The United Illuminating Company, which plans to destroy hundreds of trees throughout New Haven’s neighborhoods, will give the city a $15,000 check to send teens door-to-door to promote energy conservation.
Patrick McDonnell, UI’s director of conservation and load management, said he doesn’t see a connection between those two facts.
He said that at a City Hall press conference Wednesday afternoon, where UI announced its gift to the city to fund a New Haven “Youth Conservation Initiative.” Also at the press conference, Mayor Toni Harp signed an agreement with a clean-energy outfit to have city government purchase 20 percent of its electricity from “clean, renewable energy sources” and slash energy consumption in government buildings by 20 percent by 2018.
UI has earned the rage of New Haven and Hamden environmentalists lately with a plan to remove all trees within eight feet of its power lines — which could end up destroying an estimated half of all trees in the city. (Click here to read the plan.) The utility argues it needs to do that to prevent future outages in major storms. Critics call the plan an environmentally devastating overreaction; some argue it makes more sense to bury power lines, while others argue nature should be left alone to complete a natural pruning process. A public outcry led the utility to put the plan on hold while it negotiates with regulators.
The $15,000 UI grant will enable the Harp administration to hire 10 high-schoolers and two college supervisors to work part-time this summer knocking on doors in low- and moderate-income city neighborhoods. They will promote UI conservation programs like energy audits and weatherization. They’ll earn $8.25 an hour for up to 25 hours a week, and receive free new bikes, to do the work.
Five of those students spoke at Wednesday’s press conference. Some of them, like Hillhouse students Arif Singh (second from left) and Michael Blake (at center), have through an ecology club organized volunteer recycling efforts at their schools. (Also pictured: Dariel Cardona of Wilbur Cross High School, far left; and Hillhouse’s Colby Jenkins and Cooperative Arts & Humanities School’s Kayla Driffin at right.)
McDonnell was asked if he believes the students’ efforts would outweigh the energy-conservation loss to be caused by all the all the tearing down of trees in city neighborhoods.
“I don’t know that UI is tearing down all the trees in the neighborhoods,” McDonnell responded. “Last I saw that proposal was being modified.” (Click on the video at the top of the story to watch his full answer.)
He called that issue separate from the teen outreach program announced wednesday. “We want to focus on energy conservation in the homes.
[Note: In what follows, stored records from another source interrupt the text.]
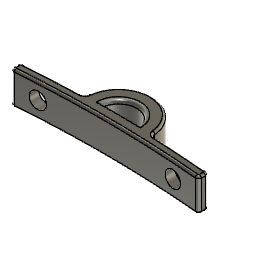
phalanx guide straight (Autodesk Fusion 360 design; units mm, degrees)
Autodesk Fusion 360 part; units mm, degrees
note: some values were not read from the file. Chosen so that the rebuilt part matches the saved one: that a step has no effect.
sketch "Sketch1" plane through (0, 0, 0) normal (0, 0, 1) x (1, 0, 0)
  arc A0 (2.2398, 0.2139) -> (-2.2372, 0.24) centre (0, 0) ccw
  arc A1 (1.2499, -0.0177) -> (-1.25, -0.0031) centre (0, 0) ccw
  line L0 (-6.3742, -0.419) -> (-6.3742, -0.6767)
  line L1 (6.3659, -0.4908) -> (6.3659, -0.7496)
  arc A2 (-75.4331, -74.1986) -> (74.5485, -76.4584) centre (-0.4373, -74.9987) ccw
  arc A3 (6.1483, -0.9489) -> (-6.159, -0.8761) centre (-0.4473, -75.6583) ccw
  arc A4 (-75.4331, -74.1986) -> (74.5485, -76.4584) centre (-0.4473, -75.6583) ccw
  arc A5 (6.3659, -0.4908) -> (6.1835, -0.2915) centre (6.1659, -0.4908) ccw
  arc A6 (6.1483, -0.9489) -> (6.3659, -0.7496) centre (6.1659, -0.7496) ccw
  arc A7 (-6.3742, -0.6767) -> (-6.159, -0.8761) centre (-6.1742, -0.6767) ccw
  arc A8 (-6.19, -0.2197) -> (-6.3742, -0.419) centre (-6.1742, -0.419) ccw
  arc A9 (6.1835, -0.2915) -> (2.5266, -0.0573) centre (-0.4373, -74.9987) ccw
  arc A10 (1.2499, -0.0177) -> (-1.25, -0.0031) centre (-0.4373, -74.9987) ccw
  arc A11 (-2.5271, -0.0278) -> (-6.19, -0.2197) centre (-0.4373, -74.9987) ccw
  arc A12 (2.2398, 0.2139) -> (2.5266, -0.0573) centre (2.5384, 0.2425) ccw
  arc A13 (-2.5271, -0.0278) -> (-2.2372, 0.24) centre (-2.5354, 0.272) ccw
  dimension "d1" = 4.5
  dimension "d2" = 2.5
  dimension "d3" = 150
  dimension "d4" = 150
  dimension "d5" = 0.2
  dimension "d6" = 0.3
  constraint coincident A0.centre A1.centre
  constraint coincident A0.centre A9
  constraint coincident A1.end A9
  constraint coincident A1.start A9
  constraint vertical L0
  constraint vertical L1
  constraint coincident A2.start A3
  constraint concentric A2 A9
  constraint concentric A3 A4
  constraint tangent A5 A9
  constraint tangent L1 A5
  constraint tangent A3 A6
  constraint tangent L1 A6
  constraint equal A5 A6
  constraint tangent L0 A7
  constraint tangent A3 A7
  constraint equal A5 A7
  constraint tangent A8 A9
  constraint tangent L0 A8
  constraint equal A5 A8
  constraint concentric A9 A10
  constraint concentric A10 A11
  constraint tangent A0 A12
  constraint tangent A9 A12
  constraint tangent A0 A13
  constraint tangent A11 A13
  constraint equal A12 A13
  measures "d1" diameter of A0
  measures "d2" diameter of A1
  measures "d3" diameter of A9
  measures "d4" diameter of A3
  measures "d5" radius of A5
  measures "d6" radius of A12
extrude "Extrude1" add sketch "Sketch1" along normal blind 2.2 contours A0 L0 L1 A3 A5 A6 A7 A8 A9 A11 A12 A13
fillet "Fillet1" [no effect]
sketch "Sketch2" plane through (0, 0, 0) normal (0, 1, 0) x (1, 0, 0)
  circle A0 centre (4.5, -1.1) radius 0.55
  circle A1 centre (-4.6757, -1.1) radius 0.55
  line L0 (-6.19, -2.2) -> (-2.5271, -2.2)
  line L1 (2.5266, -2.2) -> (6.1835, -2.2)
  dimension "d13" = 1.1
  dimension "d14" = 1.1
  dimension "d16" = 1.1
  dimension "d17" = 1.1
  measures "d13" diameter of A0
  measures "d14" diameter of A1
  measures "d16" distance of A1.centre L0
  measures "d17" distance of A0.centre L1
extrude "Extrude2" cut sketch "Sketch2" against normal blind 1
fillet "Fillet2" radius 0.25 3 edges at (0.0073, 1.25, 0) (0.0073, 1.25, 2.2) (0, 0, 0)
fillet "Fillet3" radius 0.1 12 edges at (-6.3101, -0.8234, 0) (-6.3742, -0.5479, 0) (-6.3211, -0.2833, 0) (-4.3597, -0.1014, 0) (-2.3319, 0.0517, 0) (0.0131, 2.25, 0) (2.3323, 0.0245, 0) (4.3565, -0.1521, 0) (6.3134, -0.3557, 0) (6.3659, -0.6202, 0) (6.3009, -0.8971, 0) (-0.0039, -0.6596, 0)
fillet "Fillet4" radius 0.15 12 edges at (0.0131, 2.25, 2.2) (-2.3319, 0.0517, 2.2) (-4.3597, -0.1014, 2.2) (-6.3211, -0.2833, 2.2) (-6.3742, -0.5479, 2.2) (-6.3101, -0.8234, 2.2) (-0.0039, -0.6596, 2.2) (6.3009, -0.8971, 2.2) (6.3659, -0.6202, 2.2) (6.3134, -0.3557, 2.2) (4.3565, -0.1521, 2.2) (2.3323, 0.0245, 2.2)
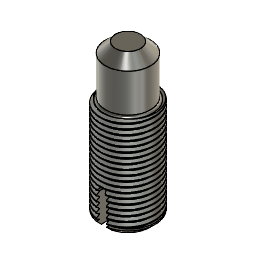
Screw (Autodesk Fusion 360 design; units mm, degrees)
Autodesk Fusion 360 part; units mm, degrees
sketch "Sketch1" plane through (0, 0, 0) normal (0, 0, 1) x (1, 0, 0)
  circle A0 centre (0, 0) radius 2.7
  line L0 (-0.5, 2.6533) -> (-0.5, -2.6533)
  line L1 (0, 0) -> (0, 2.7) construction
  line L2 (0.5, 2.6533) -> (0.5, -2.6533)
  dimension "d1" = 5.4
  dimension "d4" = 0.5
  constraint coincident A0.centre L1.start
  constraint coincident A0 L0.start
  constraint coincident A0 L0.end
  constraint vertical L0
  constraint coincident A0 L1.end
  constraint parallel L0 L1
  constraint symmetric L0.start L1 L2.start
  constraint symmetric L0.end L1 L2.end
  measures "d1" diameter of A0
  measures "d4" distance of L0 L1
extrude "Extrude1" add sketch "Sketch1" along normal blind 10
extrude "Extrude2" cut sketch "Sketch1" along normal blind 3.5 contours A0 L0 L2
sketch "Sketch2" plane through (0, 0, 10) normal (0, 0, 1) x (-1, 0, 0)
  circle A0 centre (0, 0) radius 2.7
  circle A1 centre (0, 0) radius 2.25
  dimension "d12" = 4.5
  constraint coincident A0.centre A1.centre
  measures "d12" diameter of A1
extrude "Extrude3" add sketch "Sketch2" along normal blind 5 contours A1
chamfer "Chamfer2" distance 1 angle 45 1 edges at (2.0977, 0.8136, 15)
chamfer "Chamfer4" distance 0.5 angle 45 2 edges at (-2.7, 0, 0) (2.7, 0, 0)
fillet "Fillet3" radius 0.5 2 edges at (-0.5, 0, 3.5) (0.5, 0, 3.5)
thread "Thread2" "ISO Metric profile 5.5 M5.5x0.5 M5.5x0.5 6g" major diameter 5.427 minor diameter 4.848 pitch 0.5 angle 60 modelled right hand crest width 0.0671 on face at (-0.7912, -2.5815, 4.5) crest through (2.7135, 0, 0.375)
fillet "Fillet4" radius 0.2 1 edges at (2.0977, -0.8136, 10)
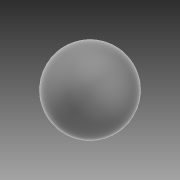
# Autodesk Inventor part: FRC 2016 Ball
Saved by Autodesk Inventor 2021 (Build 250183000, 183)
## iProperties
Created: 2021-02-26
Part Number: FRC 2016 Ball
Material: Generic
Document SubType Name: Modeling
Surface Area: 1641.73 cm^2
Volume: 6255 cm^3
Appearance: Smooth - Dark Gray
Autodesk Inventor part; units mm, degrees
ref_plane "YZ Plane" through (0, 0, 0) normal (1, 0, 0) x (0, 1, 0)
ref_plane "XZ Plane" through (0, 0, 0) normal (0, 1, 0) x (-1, 0, 0)
ref_plane "XY Plane" through (0, 0, 0) normal (0, 0, 1) x (1, 0, 0)
sketch "Sketch1" plane through (0, 0, 0) normal (0, 0, 1) x (1, 0, 0)
  arc A0 (0, -114.3) -> (0, 114.3) centre (0, 0) ccw
  line L0 (0, 114.3) -> (0, -114.3)
  point P0 (0, 0)
  dimension "d0" = 228.6
  constraints: 2 end point, 2 point on circle, 2 vertical alignment, 1 centre point, 1 coincident, 1 midpoint, 1 vertical
  measures "d0" diameter of A0
revolve "Revolution1" add sketch "Sketch1" angle 360 about axis through (0, 114.3, 0) along (0, -1, 0)
body "Solid1"
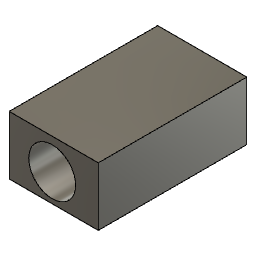
Lockwood tube FINAL DESIGN v1 v1 (Autodesk Fusion 360 design; units mm, degrees)
Autodesk Fusion 360 part; units mm, degrees
sketch "Sketch1" plane through (0, 0, 0) normal (0, 1, 0) x (1, 0, 0)
  line L0 (0, 0) -> (76.2, 0)
  line L1 (76.2, 0) -> (76.2, -203.2)
  line L2 (76.2, -203.2) -> (0, -203.2)
  line L3 (0, -203.2) -> (0, 0)
  dimension "d1" = 76.2
  dimension "d2" = 203.2
  constraint horizontal L0
  constraint vertical L1
  constraint horizontal L2
  constraint vertical L3
  constraint coincident L0.start L3.end
  measures "d1" distance of L0.start L0.end
  measures "d2" distance of L0.end L1.end
extrude "Extrude1" add sketch "Sketch1" along normal blind 50
hole "Hole1" at (36.7688, 23.7048, 203.2) direction (0, 0, -1) diameter 40 end through all
sketch "Sketch2" plane through (0, 50, 0) normal (0, 1, 0) x (-1, 0, 0)
  line L0 (0, 203.2) -> (-76.2, 203.2)
  line L1 (-76.2, 203.2) -> (-76.2, 0)
  line L2 (-76.2, 0) -> (0, 0)
  line L3 (0, 0) -> (0, 203.2)
  line L4 (150, 0) -> (73.8, 0)
  line L5 (73.8, 0) -> (73.8, 127)
  line L6 (73.8, 127) -> (150, 127)
  line L7 (150, 127) -> (150, 0)
  dimension "d8" = 76.2
  dimension "d9" = 127
  constraint horizontal L4
  constraint vertical L5
  constraint horizontal L6
  constraint vertical L7
  measures "d8" distance of L4.start L4.end
  measures "d9" distance of L4.start L6.end
sketch "Sketch3" plane through (0, 0, 0) normal (0, 1, 0) x (1, 0, 0)
  line L0 (79.4367, 34.7313) -> (3.2367, 34.7313)
  line L1 (3.2367, 34.7313) -> (3.2367, 237.9313)
  line L2 (3.2367, 237.9313) -> (79.4367, 237.9313)
  line L3 (79.4367, 237.9313) -> (79.4367, 34.7313)
  dimension "d13" = 76.2
  dimension "d14" = 203.2
  constraint horizontal L0
  constraint vertical L1
  constraint horizontal L2
  constraint vertical L3
  measures "d13" distance of L0.start L0.end
  measures "d14" distance of L0.start L2.end
move_face "OffsetFaces1" offset -76.2 1 faces at (69.7043, 25.0665, 203.2)
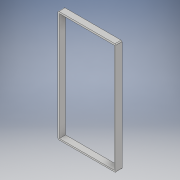
# Autodesk Inventor part: Smart Lock Box Middle Correct
Saved by Autodesk Inventor 2019.3 (Build 233278000, 278)
## iProperties
Created: 2019-04-11
Part Number: Smart Lock Box Middle Correct
Material: Generic
Document SubType Name: Modeling
Designer: grego
Density: 1 g/cm^3
Appearance: Default
Author: grego
Autodesk Inventor part; units mm, degrees
ref_plane "YZ Plane" through (0, 0, 0) normal (1, 0, 0) x (0, 1, 0)
ref_plane "XZ Plane" through (0, 0, 0) normal (0, 1, 0) x (-1, 0, 0)
ref_plane "XY Plane" through (0, 0, 0) normal (0, 0, 1) x (1, 0, 0)
sketch "Sketch1" plane through (0, 0, 0) normal (0, 0, 1) x (1, 0, 0)
  line L0 (-66.6872, 56.6432) -> (-66.6872, -62.4828)
  line L1 (-66.6872, -62.4828) -> (-4.7112, -62.4828)
  line L2 (-4.7112, -62.4828) -> (-4.7112, 56.6432)
  line L3 (-4.7112, 56.6432) -> (-66.6872, 56.6432)
  point P0 (0, 0)
  dimension "d0" = 119.126
  dimension "d1" = 61.976
  constraints: 8 end point, 3 perpendicular, 1 vertical
  measures "d0" distance between parallel lines of L1 L3
  measures "d1" distance between parallel lines of L2 L0
extrude "Extrusion1" add sketch "Sketch1" along normal blind 6.604
sketch "Sketch2" plane through (0, 0, 6.604) normal (0, 0, 1) x (1, 0, 0)
  line L0 (-65.1652, 54.8612) -> (-6.2352, 54.8612)
  line L1 (-6.2352, 54.8612) -> (-6.2352, -60.9588)
  line L2 (-6.2352, -60.9588) -> (-65.1652, -60.9588)
  line L3 (-65.1652, -60.9588) -> (-65.1652, 54.8612)
  line L4 (-4.7112, -62.4828) -> (-4.7112, 56.6432) projected
  line L5 (-66.6872, -62.4828) -> (-4.7112, -62.4828) projected
  point P0 (0, 0)
  dimension "d4" = 115.82
  dimension "d5" = 58.93
  dimension "d6" = 1.524
  dimension "d7" = 1.524
  constraints: 8 end point, 2 parallel, 1 horizontal, 1 perpendicular
  measures "d4" distance between parallel lines of L2 L0
  measures "d5" distance between parallel lines of L3 L1
  measures "d6" distance between parallel lines of L4 L1
  measures "d7" distance between parallel lines of L5 L2
extrude "Extrusion2" cut sketch "Sketch2" against normal blind 6.604
fillet "Fillet1" radius 1 4 edges at (-66.6872, -62.4828, 3.302) (-66.6872, 56.6432, 3.302) (-4.7112, 56.6432, 3.302) (-4.7112, -62.4828, 3.302)
body "Solid1"
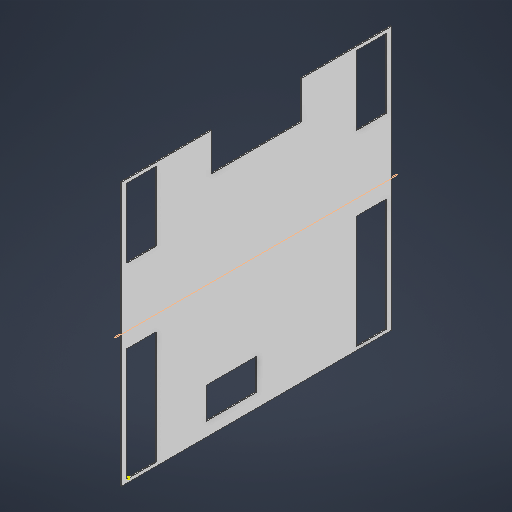
# Autodesk Inventor part: дно 25-26
Saved by Autodesk Inventor 2025 (Build 290162000, 162)
## iProperties
Created: 2025-09-06
Part Number: дно 25-26
Material: Типовые
Document SubType Name: Modeling
Designer: Trene
Density: 1 g/cm^3
Appearance: По умолчанию
Author: Trene
Autodesk Inventor part; units mm, degrees
ref_plane "YZ Plane" through (0, 0, 0) normal (1, 0, 0) x (0, 1, 0)
ref_plane "XZ Plane" through (0, 0, 0) normal (0, 1, 0) x (-1, 0, 0)
ref_plane "XY Plane" through (0, 0, 0) normal (0, 0, 1) x (1, 0, 0)
sketch "Эскиз1" plane through (0, 0, 0) normal (1, 0, 0) x (0, 1, 0)
  line L0 (0, 0) -> (370, 0)
  line L1 (370, 0) -> (370, -370)
  line L2 (370, -370) -> (0, -370)
  line L3 (0, -370) -> (0, 0)
  dimension "d0" = 370
  dimension "d1" = 370
  constraints: 8 end point, 2 parallel, 1 horizontal, 1 perpendicular
  measures "d0" distance of L1.end L2.end
  measures "d1" distance of L0.end L1.end
extrude "Выдавливание1" add sketch "Эскиз1" along normal blind 1.5
sketch "Эскиз3" plane through (1.5, 0, 0) normal (1, 0, 0) x (0, 0, -1)
  line L0 (0, 0) -> (370, 0) projected
  line L1 (8, 0) -> (50, 0)
  line L2 (50, 0) -> (50, 100)
  line L3 (50, 100) -> (8, 100)
  line L4 (8, 100) -> (8, 0)
  line L5 (0, 370) -> (0, 0) projected
  line L6 (370, 370) -> (0, 370) projected
  line L7 (185, 370) -> (185, 0)
  line L8 (0, 185) -> (370, 185)
  line L9 (370, 0) -> (370, 370) projected
  line L10 (362, 0) -> (320, 0)
  line L11 (320, 0) -> (320, 100)
  line L12 (320, 100) -> (362, 100)
  line L13 (362, 100) -> (362, 0)
  line L14 (8, 370) -> (50, 370)
  line L15 (50, 370) -> (50, 270)
  line L16 (50, 270) -> (8, 270)
  line L17 (8, 270) -> (8, 370)
  line L18 (362, 370) -> (320, 370)
  line L19 (320, 370) -> (320, 270)
  line L20 (320, 270) -> (362, 270)
  line L21 (362, 270) -> (362, 370)
  point P0 (362, 370)
  point P1 (8, 370)
  dimension "d9" = 42
  dimension "d10" = 100
  dimension "d13" = 8
  constraints: 36 end point, 12 symmetric about line, 4 midpoint, 2 parallel, 1 horizontal, 1 perpendicular, 1 point on line
  measures "d9" distance of L3.end L2.end
  measures "d10" distance of L2.end L1.end
  measures "d13" distance between parallel lines of L5 L4
extrude "Выдавливание3" cut sketch "Эскиз3" against normal blind 10 contours L4 L3 L2 L0 | L6 L15 L16 L17 | L11 L12 L13 L0 | L6 L21 L20 L19
sketch "Эскиз4" plane through (1.5, 0, 0) normal (1, 0, 0) x (0, 0, -1)
  line L0 (50, 0) -> (320, 0) projected
  line L1 (185, 0) -> (185, 257.6138)
  line L2 (0, 370) -> (0, 0) projected
  line L3 (0, 185) -> (403.9864, 185)
  line L4 (120, 370.5966) -> (250, 370.5966)
  line L5 (250, 370.5966) -> (250, 320.5966)
  line L6 (250, 320.5966) -> (120, 320.5966)
  line L7 (120, 320.5966) -> (120, 370.5966)
  line L8 (120, 370.5966) -> (250, 320.5966) construction
  line L9 (250, 370.5966) -> (120, 320.5966) construction
  point P0 (185, 370)
  point P1 (185, 305.5966)
  dimension "d62" = 50
  dimension "d63" = 130
  constraints: 12 end point, 2 midpoint, 1 horizontal, 1 symmetric about line, 1 vertical, 6 other
  measures "d62" distance between parallel lines of L4 L6
  measures "d63" distance between parallel lines of L7 L5
extrude "Выдавливание4" cut sketch "Эскиз4" against normal blind 10
sketch "Эскиз5" plane through (1.5, 0, 0) normal (1, 0, 0) x (0, 0, -1)
  line L0 (320, 370) -> (250, 370) projected
  line L1 (50, 0) -> (320, 0) projected
  line L2 (185, 0) -> (185, 405.4433)
  line L3 (50, 100) -> (50, 0) projected
  line L4 (320, 100) -> (362, 100) projected
  line L5 (320, 100) -> (362, 100)
  line L6 (362, 100) -> (362, 103)
  line L7 (362, 103) -> (320, 103)
  line L8 (320, 103) -> (320, 100)
  line L9 (50, 100) -> (8, 100)
  line L10 (50, 100) -> (8, 100)
  line L11 (8, 100) -> (8, 103)
  line L12 (8, 103) -> (50, 103)
  line L13 (50, 103) -> (50, 100)
  line L14 (0, 370) -> (0, 0) projected
  line L15 (0, 185) -> (370, 185)
  line L16 (370, 0) -> (370, 370) projected
  line L17 (50, 270) -> (50, 370)
  line L18 (320, 270) -> (362, 270)
  line L19 (320, 270) -> (362, 270)
  line L20 (362, 270) -> (362, 267)
  line L21 (362, 267) -> (320, 267)
  line L22 (320, 267) -> (320, 270)
  line L23 (50, 267) -> (50, 270)
  line L24 (8, 267) -> (50, 267)
  line L25 (50, 270) -> (8, 270)
  line L26 (50, 270) -> (8, 270)
  line L27 (8, 270) -> (8, 267)
  line L28 (320, 0) -> (320, 100) projected
  line L29 (362, 103) -> (320, 103)
  line L30 (320, 103) -> (320, 140)
  line L31 (320, 140) -> (362, 140)
  line L32 (362, 140) -> (362, 103)
  line L33 (8, 103) -> (50, 103)
  line L34 (50, 103) -> (50, 140)
  line L35 (50, 140) -> (8, 140)
  line L36 (8, 140) -> (8, 103)
  point P0 (250, 0)
  point P1 (185, -35.4433)
  dimension "d36" = 42
  dimension "d37" = 3
  constraints: 60 end point, 21 symmetric about line, 4 parallel, 3 midpoint, 2 horizontal, 2 perpendicular, 1 vertical
  measures "d36" distance of L7.end L6.end
  measures "d37" distance of L6.end L5.end
extrude "Выдавливание5" cut sketch "Эскиз5" against normal blind 10 contours L30 L31 L32 L7 | L12 L36 L35 L34
sketch "Эскиз6" plane through (1.5, 0, 0) normal (1, 0, 0) x (0, 0, -1)
  line L0 (320, 370) -> (250, 370) projected
  line L1 (299, 370) -> (259, 370)
  line L2 (259, 370) -> (259, 355)
  line L3 (259, 355) -> (299, 355)
  line L4 (299, 355) -> (299, 370)
  line L5 (250, 320.5966) -> (120, 320.5966) projected
  line L6 (185, 320.5966) -> (185, 152.8583)
  line L7 (71, 370) -> (111, 370)
  line L8 (111, 370) -> (111, 355)
  line L9 (111, 355) -> (71, 355)
  line L10 (71, 355) -> (71, 370)
  line L11 (95.25, 0) -> (95.25, 55) projected
  line L12 (95.25, 0) -> (163.25, 0)
  line L13 (163.25, 0) -> (163.25, 15)
  line L14 (163.25, 15) -> (95.25, 15)
  line L15 (95.25, 15) -> (95.25, 0)
  line L16 (8, 0) -> (50, 0)
  line L17 (50, 0) -> (50, 3)
  line L18 (50, 3) -> (8, 3)
  line L19 (8, 3) -> (8, 0)
  line L20 (362, 0) -> (320, 0)
  line L21 (320, 0) -> (320, 3)
  line L22 (320, 3) -> (362, 3)
  line L23 (362, 3) -> (362, 0)
  line L24 (370, 0) -> (370, 370) projected
  line L25 (370, 0) -> (0, 0)
  line L26 (0, 0) -> (0, -2)
  line L27 (0, -2) -> (370, -2)
  line L28 (370, -2) -> (370, 0)
  line L29 (0, 370) -> (0, 0) projected
  line L30 (0, 185) -> (370, 185)
  line L31 (370, 370) -> (0, 370)
  line L32 (0, 370) -> (0, 372)
  line L33 (0, 372) -> (370, 372)
  line L34 (370, 372) -> (370, 370)
  line L35 (50, 370) -> (50, 367)
  line L36 (50, 367) -> (8, 367)
  line L37 (8, 367) -> (8, 370)
  line L38 (320, 370) -> (320, 367)
  line L39 (320, 367) -> (362, 367)
  line L40 (362, 367) -> (362, 370)
  point P0 (362, 370)
  dimension "d28" = 40
  dimension "d29" = 15
  dimension "d32" = 68
  dimension "d33" = 15
  dimension "d34" = 42
  dimension "d35" = 3
  dimension "d38" = 370
  dimension "d39" = 2
  constraints: 72 end point, 18 symmetric about line, 8 parallel, 4 horizontal, 4 perpendicular, 3 midpoint, 1 vertical
  measures "d28" distance of L3.end L2.end
  measures "d29" distance of L2.end L1.end
  measures "d32" distance of L14.end L13.end
  measures "d33" distance of L13.end L12.end
  measures "d34" distance of L18.end L17.end
  measures "d35" distance of L17.end L16.end
  measures "d38" distance of L27.end L26.end
  measures "d39" distance of L26.end L25.end
extrude "Выдавливание6" add sketch "Эскиз6" against normal up to surface (1.5 mm away) contours L0 L31 L7 L32 L33 L34 | L31 L40 L39 L38 | L4 L3 L2 L0 | L8 L9 L10 L7 | L28 L27 L26 L25 L16 L12 L20 | L20 L21 L22 L23 | L35 L36 L37 L31 | L12 L11 L14 L13 | L19 L18 L17 L16
sketch "Эскиз7" plane through (0, 0, 0) normal (-1, 0, 0) x (0, 0, 1)
  line L0 (0, -2) -> (0, 372) projected
  line L1 (0, 372) -> (-370, 372) projected
  line L2 (-370, -2) -> (-370, 372) projected
  line L3 (-370, -2) -> (0, -2) projected
  line L4 (-362, 3) -> (-362, 100) projected
  line L5 (-320, 100) -> (-320, 3) projected
  line L6 (-320, 3) -> (-362, 3) projected
  line L7 (-320, 367) -> (-320, 270) projected
  line L8 (-362, 270) -> (-362, 367) projected
  line L9 (-362, 367) -> (-320, 367) projected
  line L10 (-250, 370) -> (-120, 370) projected
  line L11 (-120, 370) -> (-120, 320.5966) projected
  line L12 (-120, 320.5966) -> (-250, 320.5966) projected
  line L13 (-250, 320.5966) -> (-250, 370) projected
  line L14 (-8, 3) -> (-50, 3) projected
  line L15 (-50, 3) -> (-50, 100) projected
  line L16 (-8, 100) -> (-8, 3) projected
  line L17 (-50, 367) -> (-8, 367) projected
  line L18 (-8, 367) -> (-8, 270) projected
  line L19 (-50, 270) -> (-50, 367) projected
  line L20 (0, 15) -> (-370, 15)
  line L21 (-362, 100) -> (-320, 100) projected
  line L22 (-320, 270) -> (-362, 270) projected
  line L23 (-50, 100) -> (-8, 100) projected
  line L24 (-8, 270) -> (-50, 270) projected
  point P0 (0, 0)
  point P1 (-8, 15)
  point P2 (-50, 15)
  point P3 (-320, 15)
  point P4 (-362, 15)
  constraints: 2 end point, 2 point on line, 1 perpendicular
extrude "Выдавливание7" cut sketch "Эскиз7" against normal blind 10 contours L3 L2 L20 L4 L6 L5 L15 L14 L16 L0 | L20 L15 L23 L16 | L16 L14 L15 L20 | L20 L5 L6 L4
sketch "Эскиз8" plane through (1.5, 0, 0) normal (1, 0, 0) x (0, 0, -1)
  line L0 (8, 103) -> (8, 140) projected
  line L1 (8, 140) -> (50, 140) projected
  line L2 (50, 140) -> (50, 103) projected
  line L3 (50, 103) -> (8, 103) projected
  line L4 (320, 103) -> (320, 140) projected
  line L5 (320, 140) -> (362, 140) projected
  line L6 (362, 140) -> (362, 103) projected
  line L7 (362, 103) -> (320, 103) projected
  line L8 (8, 367) -> (50, 367) projected
  line L9 (50, 367) -> (50, 270) projected
  line L10 (50, 270) -> (8, 270) projected
  line L11 (8, 270) -> (8, 367) projected
  line L12 (362, 15) -> (370, 15) projected
  line L13 (370, 15) -> (370, 372) projected
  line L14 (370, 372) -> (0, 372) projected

So much energy leaks out of homes.”
Do trees help that energy stay inside? he was asked.
He conceded that trees “do provide shading” for homes in the summer. “But in the winter they certainly don’t,” he said. He said the utility will discuss the benefits of tree canopies versus the costs of power outages with state legislators and regulators.
“We’ve lived through some serious weather events recently,” he said. “They’ve had a dramatic impact on trees falling down.”
Mayor Harp (pictured), meanwhile, signed an agreement with the Clean Energy Finance and Investment Authority containing the two 20 percent pledges. The pledges build on efforts city government made over the past decade to cut energy usage in municipal buildings and to promote the installation of fuel cells and solar panels both in public and in private facilities.
“Our goal is a bold one,” Harp said.
Robert Wall, outreach point person for the clean energy group, called New Haven a statewide green pioneer in those areas, among the first municipalities to make and keep similar pledges with his agency’s predecessor, the Connecticut Clean Energy Fund. It has already succeeded once in meeting a 20 percent goal for relying on renewable energy sources. (Read about that here.)
Giovanni Zinn, the city engineering department’s green-energy point person on projects from fuel cells to solar-powered library and school buildings to LED streetlights, said the city already purchases about 13 percent of its energy from renewable sources.